Bacteria in Our Daily Lives
Bacteria are like living paint, covering nearly every surface imaginable and living within other living and nonliving things. Many exist in a symbiotic condition in which they function as partners with other organisms. This symbiosis has profound consequences on people's lives. For example, the agricultural industry depends on the existence of bacteria that can transform the nitrogen gas from the atmosphere into ammonia in the soil that plants can use in a process called nitrogen fixation.

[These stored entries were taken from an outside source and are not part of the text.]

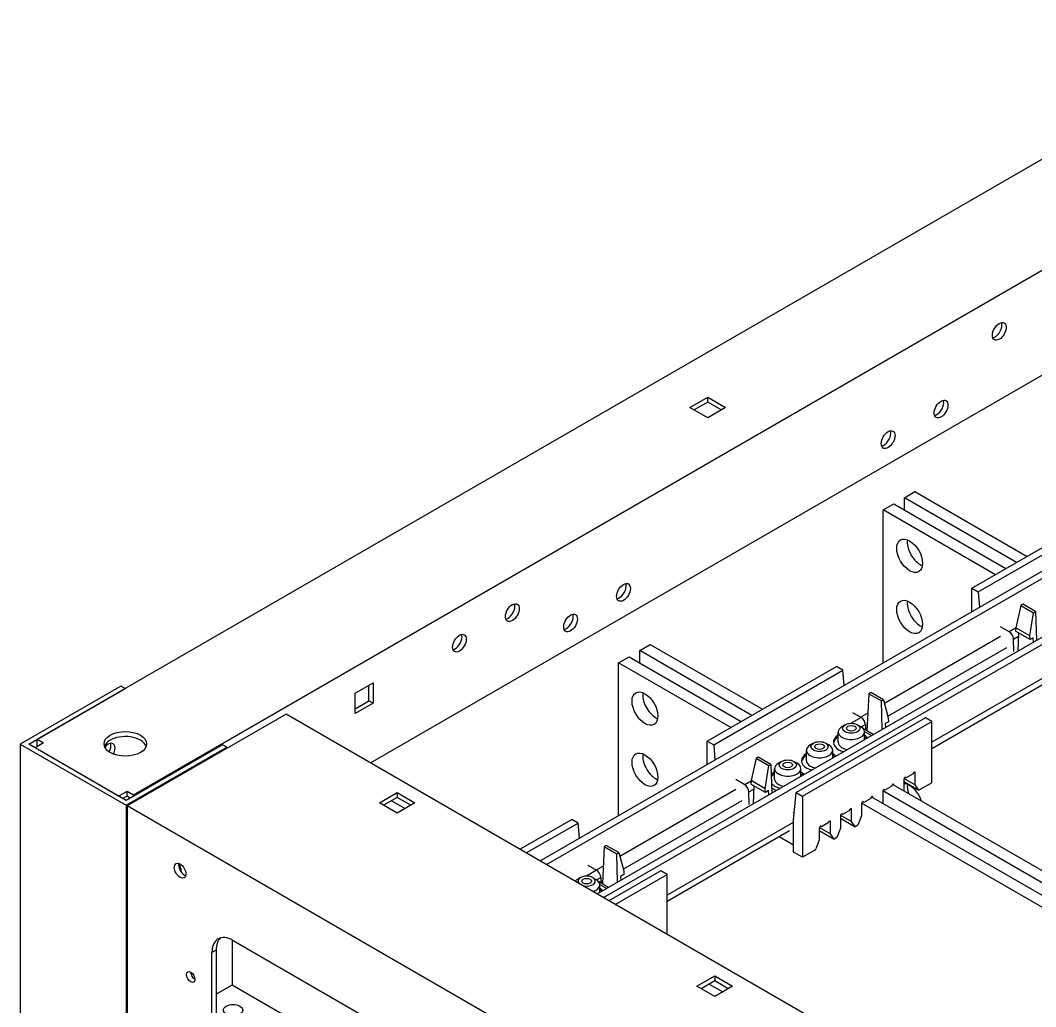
# Model space of a CAD drawing. Header units: millimetres. Extents: x -116965 to 323937, y 291661 to 566926.
# Drawn here: x -13101.6 to -12925.3, y 325621.5 to 325792.7 of the extents above; entities that cross this region are included whole.
import ezdxf

# ---------------------------------------------------------------- set-up
doc = ezdxf.new("R2010")
doc.units = ezdxf.units.MM
doc.layers.add('ALPHA', color=255, linetype='Continuous')

msp = doc.modelspace()

# ---------------------------------------------------------------- linework, layer by layer
at = {"layer": 'ALPHA'}
for p, q in [((-13098.684469, 325667.907312), (-12882.479499, 325792.73331)), ((-13081.991092, 325658.269387), (-12865.786123, 325783.095384)), ((-13040.809193, 325663.788904), (-12881.045487, 325756.028522)), ((-13011.356781, 325646.784546), (-12862.807789, 325732.549347)), ((-13010.253695, 325646.147679), (-12861.704702, 325731.912479)), ((-13001.429002, 325641.05274), (-12852.88001, 325726.817541)), ((-12985.323938, 325725.501348), (-12982.235296, 325727.284577)), ((-12982.235296, 325727.284577), (-12979.146653, 325725.501348)), ((-12982.235296, 325726.43542), (-12982.235296, 325727.284577)), ((-13000.325916, 325640.415873), (-12851.776923, 325726.180673)), ((-12982.235296, 325723.71812), (-12985.323938, 325725.501348)), ((-12982.235296, 325726.43542), (-12984.588547, 325725.07677)), ((-12979.882044, 325725.07677), (-12982.235296, 325726.43542)), ((-12979.146653, 325725.501348), (-12982.235296, 325723.71812)), ((-12948.094766, 325709.845026), (-12946.256288, 325710.906472)), ((-12948.094766, 325707.722135), (-12948.094766, 325709.845026)), ((-12928.606903, 325698.593703), (-12948.094766, 325709.845026)), ((-12946.256288, 325710.906472), (-12926.768426, 325699.655149)), ((-12951.771721, 325707.722135), (-12949.933244, 325708.783581)), ((-12951.771721, 325681.185996), (-12951.771721, 325707.722135)), ((-12932.283858, 325696.470812), (-12951.771721, 325707.722135)), ((-12949.933244, 325708.783581), (-12930.445381, 325697.532258)), ((-12936.346894, 325694.125018), (-12913.917467, 325707.074653)), ((-12935.243807, 325693.48815), (-12912.81438, 325706.437786)), ((-12936.346894, 325694.125018), (-12935.243807, 325693.48815)), ((-12936.346894, 325690.091525), (-12936.346894, 325694.125018)), ((-12935.243807, 325693.48815), (-12935.016497, 325690.859629)), ((-12927.889897, 325691.15297), (-12928.757978, 325687.281001)), ((-12927.522201, 325691.365259), (-12927.889897, 325691.15297)), ((-12927.889897, 325691.15297), (-12925.683724, 325689.879235)), ((-12925.316028, 325690.091525), (-12927.522201, 325691.365259)), ((-12926.286425, 325685.854049), (-12925.683724, 325689.879235)), ((-12925.683724, 325689.879235), (-12925.316028, 325690.091525)), ((-12925.316028, 325690.091525), (-12925.13218, 325685.10273)), ((-12929.86096, 325686.559158), (-12931.383004, 325687.437911)), ((-12928.761326, 325687.194032), (-12929.86096, 325686.559158)), ((-12928.757978, 325687.281001), (-12928.781958, 325686.657979)), ((-12926.262445, 325685.203337), (-12928.781958, 325686.657979)), ((-12926.286425, 325685.854049), (-12928.757978, 325687.281001)), ((-12928.254395, 325686.35339), (-12928.374586, 325683.230726)), ((-12931.383004, 325685.739598), (-12951.542377, 325674.100579)), ((-12929.126017, 325685.315317), (-12928.275449, 325685.806393)), ((-12929.06092, 325683.125207), (-12929.126017, 325685.315317)), ((-12926.262445, 325685.203337), (-12926.286425, 325685.854049)), ((-12925.710901, 325685.521771), (-12926.262445, 325685.203337)), ((-12925.683724, 325684.784297), (-12925.710901, 325685.521771)), ((-12994.056707, 325683.308887), (-12992.218229, 325684.370333)), ((-12994.056707, 325681.185996), (-12994.056707, 325683.308887)), ((-12974.568844, 325672.057565), (-12994.056707, 325683.308887)), ((-12992.218229, 325684.370333), (-12972.730366, 325673.11901)), ((-12950.953887, 325671.892874), (-12930.279918, 325683.828996)), ((-12997.733662, 325681.185996), (-12995.895184, 325682.247442)), ((-12997.733662, 325654.649857), (-12997.733662, 325681.185996)), ((-12978.245799, 325669.934673), (-12997.733662, 325681.185996)), ((-12995.895184, 325682.247442), (-12976.407322, 325670.996119)), ((-12982.308835, 325667.588879), (-12959.879408, 325680.538515)), ((-12981.205748, 325666.952011), (-12958.776321, 325679.901647)), ((-12958.776321, 325679.901647), (-12959.879408, 325680.538515)), ((-12958.549011, 325677.273126), (-12958.776321, 325679.901647)), ((-12921.455225, 325680.007792), (-12943.333109, 325667.37659)), ((-13043.456601, 325675.931841), (-13040.367958, 325677.715069)), ((-13040.367958, 325677.715069), (-13040.367958, 325674.148612)), ((-12943.333109, 325666.321393), (-12922.101398, 325678.579527)), ((-13084.160496, 325677.141889), (-13101.626033, 325667.058156)), ((-13100.155251, 325667.058156), (-13083.425104, 325676.717311)), ((-13083.425104, 325676.717311), (-13084.160496, 325677.141889)), ((-13043.456601, 325672.365384), (-13043.456601, 325675.931841)), ((-13041.103349, 325674.573191), (-13041.103349, 325677.290491)), ((-12954.256323, 325675.806002), (-12954.580212, 325669.33919)), ((-12953.888628, 325676.018291), (-12954.256323, 325675.806002)), ((-12954.256323, 325675.806002), (-12952.087477, 325674.553817)), ((-12951.719781, 325674.766106), (-12953.888628, 325676.018291)), ((-13043.456601, 325673.21454), (-13041.103349, 325674.573191)), ((-13040.367958, 325674.148612), (-13043.456601, 325672.365384)), ((-13040.367958, 325674.148612), (-13041.103349, 325674.573191)), ((-12952.087477, 325674.553817), (-12951.719781, 325674.766106)), ((-12951.939986, 325669.625237), (-12952.087477, 325674.553817)), ((-12951.719781, 325674.766106), (-12950.877078, 325671.604729)), ((-13055.480244, 325672.259239), (-13083.057409, 325656.337556)), ((-12834.862929, 325544.885773), (-13055.480244, 325672.259239)), ((-12957.121691, 325672.577673), (-12955.599647, 325671.69892)), ((-12954.425097, 325672.436239), (-12955.650909, 325671.728516)), ((-12944.436196, 325671.622372), (-12966.865623, 325658.672736)), ((-12965.762536, 325658.035869), (-12943.333109, 325670.985505)), ((-12958.371856, 325670.433553), (-12958.923399, 325670.115119)), ((-12955.599647, 325671.69892), (-12957.350309, 325670.688175)), ((-12956.239222, 325670.433553), (-12955.687679, 325670.115119)), ((-12955.574847, 325670.045078), (-12954.864704, 325670.455079)), ((-12954.864704, 325670.455079), (-12954.835924, 325669.486826)), ((-12950.857684, 325670.956664), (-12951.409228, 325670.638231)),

The influence of bacteria may be most pronounced in their recycling ability. Like fungi, bacteria feed on dying material and convert it back into basic substances. This process of decomposition is as significant as photosynthesis, for without it food chains would cease, and fallen trees, leaves, and other refuse would simply pile up. Bacteria also strongly influence the movement of key elements, such as sulfur, iron, phosphorus, and carbon, around the globe. The weathering of rocks, which releases elements back into life systems for use, is substantially enhanced by the breakdown processes of bacteria.
Bacteria are the main digesters of cellulose within cows and other mammals. Cattle have evolved special stomachs that maintain bacteria and protista and allow for fermentation of the grass products. Considering that the manufacture of cheeses is dependent on bacterial fermentation, it is evident that the dairy industry would be nonexistent without bacteria.
The main cleansing agents in sewage treatment are a variety of specialized bacteria that convert, mostly through fermentation, the organic materials of sewage into carbon dioxide, methane, and hydrogen gases. There is a bacterial species involved with the production of nearly every familiar product. For example, vinegar, which is used as both a flavor enhancer and an important food preservative, results from the conversion of ethyl alcohol to acetic acid by acetic-acid bacteria. Specific enzymes extracted from bacteria are used in spot removers, meat tenderizers, laundry starches, and household detergents. Bacteria are now used throughout the growing biotechnology industry in the development of new products for medical treatment. Bacteria that can digest petroleum are even used in oil-spill cleanups.